##### Exercise materials #####

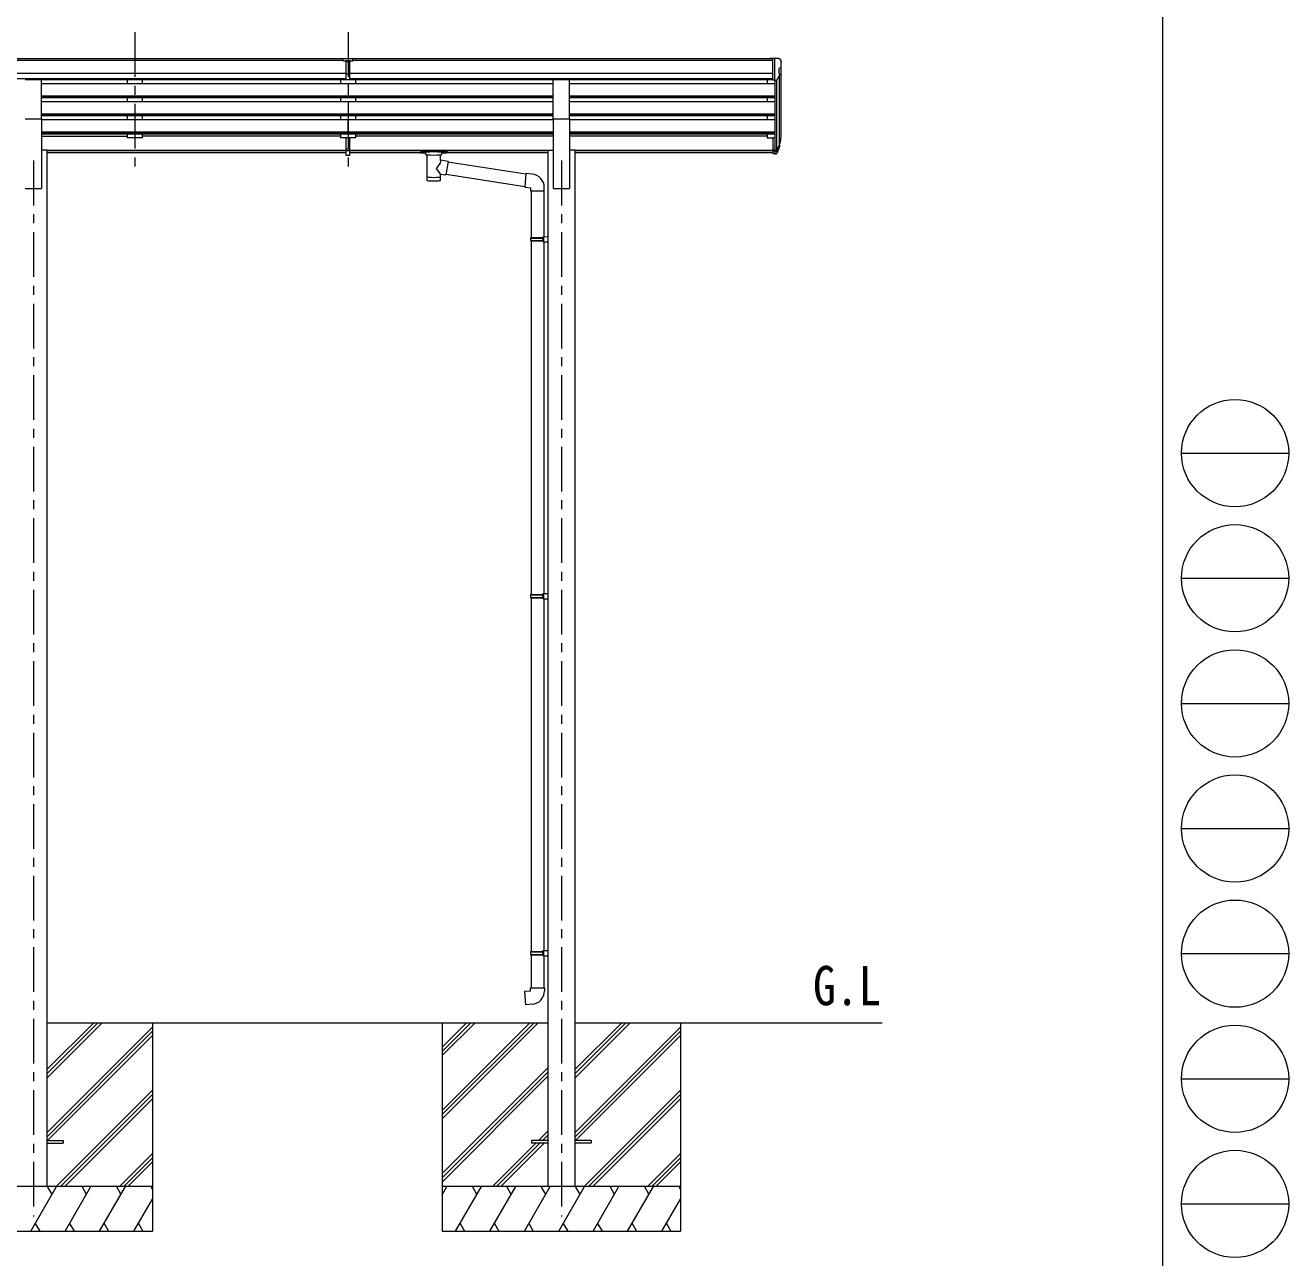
# Model space of a CAD drawing. Units: millimetres at full size, sheet at 1:30; details may follow other scales. Extents: x -8432 to 8432, y -5820 to 5820.
# Drawn here: x 4192 to 8432, y -3751 to 386 of the extents above; entities that cross this region are included whole.
import ezdxf
from ezdxf.enums import TextEntityAlignment as Align

# ---------------------------------------------------------------- set-up
doc = ezdxf.new("R2010")
doc.units = ezdxf.units.MM
doc.header["$LTSCALE"] = 30
doc.linetypes.add('CHAIN1', pattern=[8, 5, -1, 1, -1])
for name, color, linetype, lineweight in [('0-0_0', 7, 'Continuous', 9), ('0-1_本体', 5, 'CHAIN1', 9), ('0-3_ELV2', 4, 'Continuous', 9), ('0-9_OUTLINE', 7, 'Continuous', 9), ('F-0_240', 7, 'Continuous', 9)]:
    doc.layers.add(name, color=color, linetype=linetype, lineweight=lineweight)
doc.layers.add('0-7_SHAPE', color=7, linetype='Continuous')
doc.styles.add('ＭＳ ゴシック', font='')
doc.styles.get('ＭＳ ゴシック').set_extended_font_data('MS Gothic')

msp = doc.modelspace()

# ---------------------------------------------------------------- linework, layer by layer
at = {"layer": '0-0_0'}
for p, q in [((4264.42, -2961.9), (5946.02, -2961.9)), ((4264.42, -3147.53), (4450.05, -2961.9)), ((4264.42, -3133.39), (4435.91, -2961.9)), ((4264.42, -3119.25), (4421.76, -2961.9)), ((4619.22, -2961.9), (4619.22, -3661.9)), ((5591.22, -2961.9), (5591.22, -3661.9)), ((5591.22, -3256.08), (5885.4, -2961.9)), ((5591.22, -3270.22), (5899.54, -2961.9)), ((5591.22, -3284.36), (5913.68, -2961.9)), ((5591.22, -3072.23), (5701.55, -2961.9)), ((5591.22, -3058.09), (5687.41, -2961.9)), ((5591.22, -3043.95), (5673.26, -2961.9)), ((6036.42, -2961.9), (7067.22, -2961.9)), ((6036.42, -3147.53), (6222.05, -2961.9)), ((6036.42, -3133.39), (6207.91, -2961.9)), ((6036.42, -3119.25), (6193.76, -2961.9)), ((6391.22, -2961.9), (6391.22, -3661.9)), ((4264.42, -3331.38), (4619.22, -2976.58)), ((4264.42, -3345.52), (4619.22, -2990.73)), ((4266.68, -3357.4), (4619.22, -3004.87)), ((6036.42, -3331.38), (6391.22, -2976.58)), ((6036.42, -3345.52), (6391.22, -2990.73)), ((6038.68, -3357.4), (6391.22, -3004.87)), ((5591.22, -3468.21), (5946.02, -3113.41)), ((5591.22, -3482.35), (5946.02, -3127.56)), ((5591.22, -3496.5), (5946.02, -3141.7)), ((4296.03, -3511.9), (4619.22, -3188.71)), ((4310.17, -3511.9), (4619.22, -3202.86)), ((4324.31, -3511.9), (4619.22, -3217)), ((6068.03, -3511.9), (6391.22, -3188.71)), ((6082.17, -3511.9), (6391.22, -3202.86)), ((6096.31, -3511.9), (6391.22, -3217)), ((5914.16, -3357.4), (5946.02, -3325.55)), ((5928.3, -3357.4), (5946.02, -3339.69)), ((5759.66, -3511.9), (5905.16, -3366.4)), ((5773.8, -3511.9), (5919.3, -3366.4)), ((5787.94, -3511.9), (5933.44, -3366.4)), ((5942.44, -3357.4), (5946.02, -3353.83)), ((4508.16, -3511.9), (4619.22, -3400.85)), ((4522.3, -3511.9), (4619.22, -3414.99)), ((4536.44, -3511.9), (4619.22, -3429.13)), ((6280.16, -3511.9), (6391.22, -3400.85)), ((6294.3, -3511.9), (6391.22, -3414.99)), ((6308.44, -3511.9), (6391.22, -3429.13)), ((4619.22, -3511.9), (3819.22, -3511.9)), ((4210.37, -3661.9), (4296.98, -3511.9)), ((4281.98, -3537.88), (4266.97, -3511.9)), ((4325.84, -3661.9), (4412.45, -3511.9)), ((4397.45, -3537.88), (4382.45, -3511.9)), ((4441.31, -3661.9), (4527.92, -3511.9)), ((4497.92, -3511.9), (4512.92, -3537.88)), ((4613.39, -3511.9), (4619.22, -3522)), ((6391.22, -3511.9), (5591.22, -3511.9)), ((5591.22, -3539.41), (5607.1, -3511.9)), ((5635.96, -3661.9), (5722.57, -3511.9)), ((5707.57, -3537.88), (5692.57, -3511.9)), ((5751.43, -3661.9), (5838.04, -3511.9)), ((5823.03, -3537.89), (5808.03, -3511.9)), ((5866.9, -3661.9), (5953.51, -3511.9)), ((5938.51, -3537.89), (5923.5, -3511.9)), ((5982.37, -3661.9), (6068.98, -3511.9)), ((6053.98, -3537.88), (6038.97, -3511.9)), ((6097.84, -3661.9), (6184.45, -3511.9)), ((6169.45, -3537.88), (6154.45, -3511.9)), ((6213.31, -3661.9), (6299.92, -3511.9)), ((6269.92, -3511.9), (6284.92, -3537.88)), ((6385.39, -3511.9), (6391.22, -3522)), ((4556.78, -3661.9), (4619.22, -3553.77)), ((6328.78, -3661.9), (6391.22, -3553.77)), ((4225.37, -3635.92), (4240.37, -3661.9)), ((4340.84, -3635.92), (4355.84, -3661.9)), ((4456.31, -3635.92), (4471.31, -3661.9)), ((4571.78, -3635.92), (4586.78, -3661.9)), ((5650.96, -3635.92), (5665.96, -3661.9)), ((5766.43, -3635.92), (5781.43, -3661.9)), ((5881.9, -3635.92), (5896.9, -3661.9)), ((5997.37, -3635.92), (6012.37, -3661.9)), ((6112.84, -3635.92), (6127.84, -3661.9)), ((6228.31, -3635.92), (6243.31, -3661.9)), ((6343.78, -3635.92), (6358.78, -3661.9)), ((3819.22, -3661.9), (4619.22, -3661.9)), ((5591.22, -3661.9), (6391.22, -3661.9))]:
    msp.add_line(p, q, dxfattribs=at)
at = {"layer": '0-1_本体'}
for p, q in [((4559.22, 362.5), (4559.22, -115.02)), ((5275.22, 362.5), (5275.22, -115.02)), ((4219.22, -68.34), (4219.22, -3611.9)), ((5991.22, -68.34), (5991.22, -3611.9))]:
    msp.add_line(p, q, dxfattribs=at)
at = {"layer": '0-3_ELV2'}
for p, q in [((5258.72, 273.37), (269.72, 273.37)), ((5258.72, 268.16), (269.72, 268.16)), ((5258.72, 266.94), (5258.72, 274.79)), ((5258.72, 266.94), (5268.72, 266.94)), ((5275.22, 266.13), (5268.72, 266.52)), ((5268.72, 264.94), (5281.72, 264.94)), ((5281.72, 266.46), (5275.22, 266.15)), ((5281.72, 203.32), (5281.72, 268.59)), ((6700.72, 273.37), (5291.72, 273.37)), ((6700.72, 268.16), (5291.72, 268.16)), ((6700.72, 274.98), (6690.72, 274.89)), ((6690.72, 273.37), (6690.72, 274.89)), ((6700.72, 202.99), (6700.72, 274.98)), ((6719.22, 274.98), (6700.72, 274.98)), ((6707.22, 201.99), (6707.22, 274.98)), ((6719.22, 274.98), (6721.55, 274.83)), ((6722.31, 274.41), (6726.37, 268.6)), ((6729.22, 265.61), (6729.22, 264.98)), ((5268.72, 224.63), (269.72, 224.63)), ((5268.72, 223.42), (5275.22, 223.26)), ((5275.22, 223.26), (5281.72, 223.42)), ((6700.72, 224.63), (5281.72, 224.63)), ((6714.84, 203.81), (6723.84, 219.4)), ((6721.22, 240.46), (6721.22, 224.19)), ((6726.68, 243.79), (6721.37, 240.72)), ((6722.25, 216.63), (6722.25, -16.97)), ((6727.22, 244.4), (6727.22, 9.74)), ((5268.72, 206.77), (269.72, 206.77)), ((4191.72, 204.35), (4246.72, 204.35)), ((4246.72, 72.55), (4246.72, 204.35)), ((5268.72, 203.43), (4246.72, 203.43)), ((4246.72, 191.02), (5963.72, 191.02)), ((4534.22, 203.53), (4534.22, 191.02)), ((4584.22, 203.53), (4584.22, 191.12)), ((5250.22, 203.53), (5250.22, 191.02)), ((5268.72, 204.38), (5275.22, 203.98)), ((5275.22, 203.98), (5281.72, 204.38)), ((5275.22, 191.02), (5275.22, 143.33)), ((6700.72, 206.77), (5281.72, 206.77)), ((5963.72, 203.43), (5281.72, 203.43)), ((5300.22, 203.53), (5300.22, 191.12)), ((5963.72, 72.55), (5963.72, 204.35)), ((5963.72, 204.35), (6018.72, 204.35)), ((6018.72, 72.55), (6018.72, 204.35)), ((6700.72, 203.43), (6018.72, 203.43)), ((6018.72, 191.02), (6707.22, 191.02)), ((6682.22, 203.53), (6682.22, 191.02)), ((6700.72, 202.99), (6707.22, 202.99)), ((6707.22, 201.99), (6712.43, 202.31)), ((6707.22, 201.99), (6707.22, 9.37)), ((6713.22, 202.47), (6713.23, -35.4)), ((4246.72, 149.14), (5963.72, 149.14)), ((4246.72, 147.64), (5963.72, 147.64)), ((4246.72, 143.33), (5963.72, 143.33)), ((4246.72, 130.47), (5963.72, 130.47)), ((4534.22, 143.33), (4534.22, 130.47)), ((4584.22, 143.33), (4584.22, 130.47)), ((5250.22, 143.33), (5250.22, 130.47)), ((5275.22, 130.47), (5275.22, 82.78)), ((5300.22, 143.33), (5300.22, 130.47)), ((6018.72, 149.14), (6707.22, 149.14)), ((6018.72, 147.64), (6707.22, 147.64)), ((6018.72, 143.33), (6707.22, 143.33)), ((6018.72, 130.47), (6707.22, 130.47)), ((6682.22, 143.33), (6682.22, 130.47)), ((4246.72, 88.59), (5963.72, 88.59)), ((4246.72, 87.1), (5963.72, 87.1)), ((6018.72, 88.59), (6707.22, 88.59)), ((6018.72, 87.1), (6707.22, 87.1)), ((4191.72, 72.55), (4246.72, 72.55)), ((4246.72, 82.78), (5963.72, 82.78)), ((4246.72, 72.55), (4246.72, -161.9)), ((4246.72, 69.92), (5963.72, 69.92)), ((4534.22, 82.78), (4534.22, 70.02)), ((4584.22, 82.78), (4584.22, 69.92)), ((5250.22, 82.78), (5250.22, 70.02)), ((5275.22, 22.23), (5275.22, 69.92)), ((5300.22, 82.78), (5300.22, 69.92)), ((5963.72, 72.55), (5963.72, -161.9)), ((5963.72, 72.55), (6018.72, 72.55)), ((6018.72, 82.78), (6707.22, 82.78)), ((6018.72, 72.55), (6018.72, -161.9)), ((6018.72, 69.92), (6707.22, 69.92)), ((6682.22, 82.78), (6682.22, 69.92)), ((4246.72, 28.04), (5963.72, 28.04)), ((4246.72, 26.55), (5963.72, 26.55)), ((4246.72, 22.23), (5963.72, 22.23)), ((4246.72, 13.68), (4534.22, 13.68)), ((4534.22, 22.23), (4534.22, 8.74)), ((4584.22, 8.74), (4534.22, 8.74)), ((4584.22, 22.23), (4584.22, 8.74)), ((5250.22, 13.68), (4584.22, 13.68)), ((5250.22, 22.23), (5250.22, 8.74)), ((5300.22, 8.74), (5250.22, 8.74)), ((5268.72, -50.99), (5268.72, 8.74)), ((5281.72, -50.99), (5281.72, 8.74)), ((5300.22, 22.23), (5300.22, 8.74)), ((5963.72, 13.68), (5300.22, 13.68)), ((6018.72, 28.04), (6707.22, 28.04)), ((6018.72, 26.55), (6707.22, 26.55)), ((6018.72, 22.23), (6707.22, 22.23)), ((6682.22, 13.68), (6018.72, 13.68)), ((6682.22, 22.23), (6682.22, 8.74)), ((6682.22, 8.74), (6700.72, 8.74)), ((6700.72, 9.37), (6700.72, -44.66)), ((6700.72, 9.37), (6707.22, 9.37)), ((6707.22, 9.37), (6707.22, -45.4)), ((4264.42, -32.9), (4246.72, -32.9)), ((4264.42, -32.9), (4264.42, -3511.91)), ((4264.42, -33.33), (5268.72, -33.33)), ((4264.42, -34.73), (5268.72, -34.73)), ((5268.72, -28.74), (5281.72, -28.74)), ((5268.72, -34.14), (5281.72, -34.14)), ((5281.72, -33.33), (5946.02, -33.33)), ((5281.72, -34.73), (5946.02, -34.73)), ((5946.02, -32.9), (5946.02, -3511.9)), ((5946.02, -32.9), (5963.72, -32.9)), ((6036.42, -32.9), (6018.72, -32.9)), ((6036.42, -32.9), (6036.42, -3511.9)), ((6036.42, -33.33), (6700.72, -33.33)), ((6036.42, -34.73), (6700.72, -34.73)), ((6700.72, -30.76), (6707.22, -30.76)), ((6700.72, -35.64), (6707.22, -35.64)), ((6707.22, -35.66), (6712.35, -35.66)), ((6707.22, -37.47), (6712.06, -37.47)), ((6713.65, -34.98), (6721.41, -19.58)), ((6722.85, -19.93), (6714.66, -36.11)), ((6723.47, -20.5), (6714.66, -44.04)), ((6725.52, -3.44), (6722.25, -10.5)), ((6726.12, -4.82), (6722.25, -12.77)), ((6723.81, -16.09), (6723.47, -20.5)), ((5268.72, -42.42), (4264.42, -42.42)), ((5268.72, -49.92), (5275.22, -50.32)), ((5275.22, -50.32), (5281.72, -49.92)), ((5535.72, -42.42), (5281.72, -42.42)), ((5946.02, -42.42), (5589.72, -42.42)), ((6700.72, -42.42), (6036.42, -42.42)), ((6700.72, -44.66), (6707.22, -44.66)), ((6707.22, -45.4), (6712.06, -45.4)), ((4191.72, -161.9), (4246.72, -161.9)), ((5963.72, -161.9), (6018.72, -161.9)), ((4264.42, -3357.4), (4319.22, -3357.4)), ((4264.42, -3366.4), (4319.22, -3366.4)), ((4319.22, -3357.4), (4319.22, -3366.4)), ((5891.22, -3357.4), (5891.22, -3366.4)), ((5946.02, -3357.4), (5891.22, -3357.4)), ((5946.02, -3366.4), (5891.22, -3366.4)), ((6091.22, -3357.4), (6036.42, -3357.4)), ((6091.22, -3366.4), (6036.42, -3366.4)), ((6091.22, -3357.4), (6091.22, -3366.4))]:
    msp.add_line(p, q, dxfattribs=at)
for points in [[(5258.72, 274.79), (5276.72, 274.94), (5291.72, 274.81)], [(5281.72, 203.32), (5275.22, 202.92), (5268.72, 203.32), (5268.72, 268.66)], [(5281.72, 266.99), (5291.72, 267.07), (5291.72, 274.81)], [(5281.72, 222.32), (5278.46, 222.24), (5275.22, 222.16), (5271.97, 222.24), (5268.72, 222.32)], [(5281.72, -50.99), (5275.22, -51.38), (5268.72, -50.99)]]:
    msp.add_lwpolyline(points, dxfattribs=at)
for centre, radius, start, end in [((6721.49, 273.84), 1, 35, 86.5), ((6726.22, 265.61), 3, 0, 87), ((6527.22, 264.98), 202, 355.05096, 0), ((6721.52, 240.46), 0.3, 120, 180), ((6721.52, 224.19), 0.3, 180, 265.2833), ((6721.25, 220.9), 3, 330, 85.2833), ((6722.31, 248.16), 6.18, 315.00103, 354.2965), ((6712.24, 205.31), 3, 273.5, 330), ((6696.63, 6.06), 30.41, 341.80266, 352.8448), ((6698.03, 4.3), 29.53, 342.01856, 353.49194)]:
    msp.add_arc(centre, radius, start, end, dxfattribs=at)
for centre, major_axis, ratio, start_param, end_param in [((5299.79, 264.63), (24.57, -1.51), 0.121868, 3.1422238, 3.1491027), ((6639.36, 10.54), (-87.93, 4.42), 0.541684, 3.060334, 3.2172517), ((6638.57, 3.87), (89.06, 1.43), 0.57596, 6.1985533, 6.3701348), ((6712.06, -34.76), (3, 0), 0.90356, 4.712389, 5.7595865), ((6712.35, -34.3), (1.5, 0), 0.90356, 4.712389, 5.7595865), ((6637.3, 3.96), (88.05, 0), 0.90356, 5.9828017, 6.0168888), ((6722.51, -16.09), (-1.3, 0), 0.90356, 2.9359903, 4.9130961), ((6636.59, 0.1), (89.07, 0), 0.90356, 6.0316505, 6.077583), ((6712.06, -42.69), (-3, 0), 0.90356, 1.5707963, 2.6179939)]:
    msp.add_ellipse(centre, major_axis=major_axis, ratio=ratio, start_param=start_param, end_param=end_param, dxfattribs=at)
at = {"layer": '0-9_OUTLINE'}
for p, q in [((5519.22, -35.5), (5519.22, -41.26)), ((5521.22, -34.84), (5604.22, -34.84)), ((5521.22, -37.02), (5604.22, -37.02)), ((5521.22, -41.93), (5535.72, -41.93)), ((5535.72, -47.57), (5535.72, -41.02)), ((5589.72, -47.57), (5589.72, -41.02)), ((5589.72, -41.93), (5604.22, -41.93)), ((5606.22, -35.5), (5606.22, -41.26)), ((5539.82, -48.49), (5539.8, -133.93)), ((5610.84, -71.14), (5585.61, -67.23)), ((5585.62, -67.24), (5585.62, -48.49)), ((5610.84, -71.14), (5603.81, -116.4)), ((5871.83, -113.69), (5610.52, -73.16)), ((5585.63, -133.93), (5585.61, -113.26)), ((5585.61, -113.58), (5603.81, -116.4)), ((5868.16, -155.63), (5604.08, -114.66)), ((5892.83, -113.65), (5871.99, -111.83)), ((5887.91, -169.4), (5933.91, -169.4)), ((5890.02, -169.4), (5890.02, -325.97)), ((5932.02, -169.4), (5932.02, -323.41)), ((5933.91, -169.4), (5933.91, -158.48)), ((5888.02, -327.97), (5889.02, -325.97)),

#####

# Task directions:
Show me every line of the entries above that holds "name".

# Exercise solution:
for name, color, linetype, lineweight in [('0-0_0', 7, 'Continuous', 9), ('0-1_本体', 5, 'CHAIN1', 9), ('0-3_ELV2', 4, 'Continuous', 9), ('0-9_OUTLINE', 7, 'Continuous', 9), ('F-0_240', 7, 'Continuous', 9)]:
    doc.layers.add(name, color=color, linetype=linetype, lineweight=lineweight)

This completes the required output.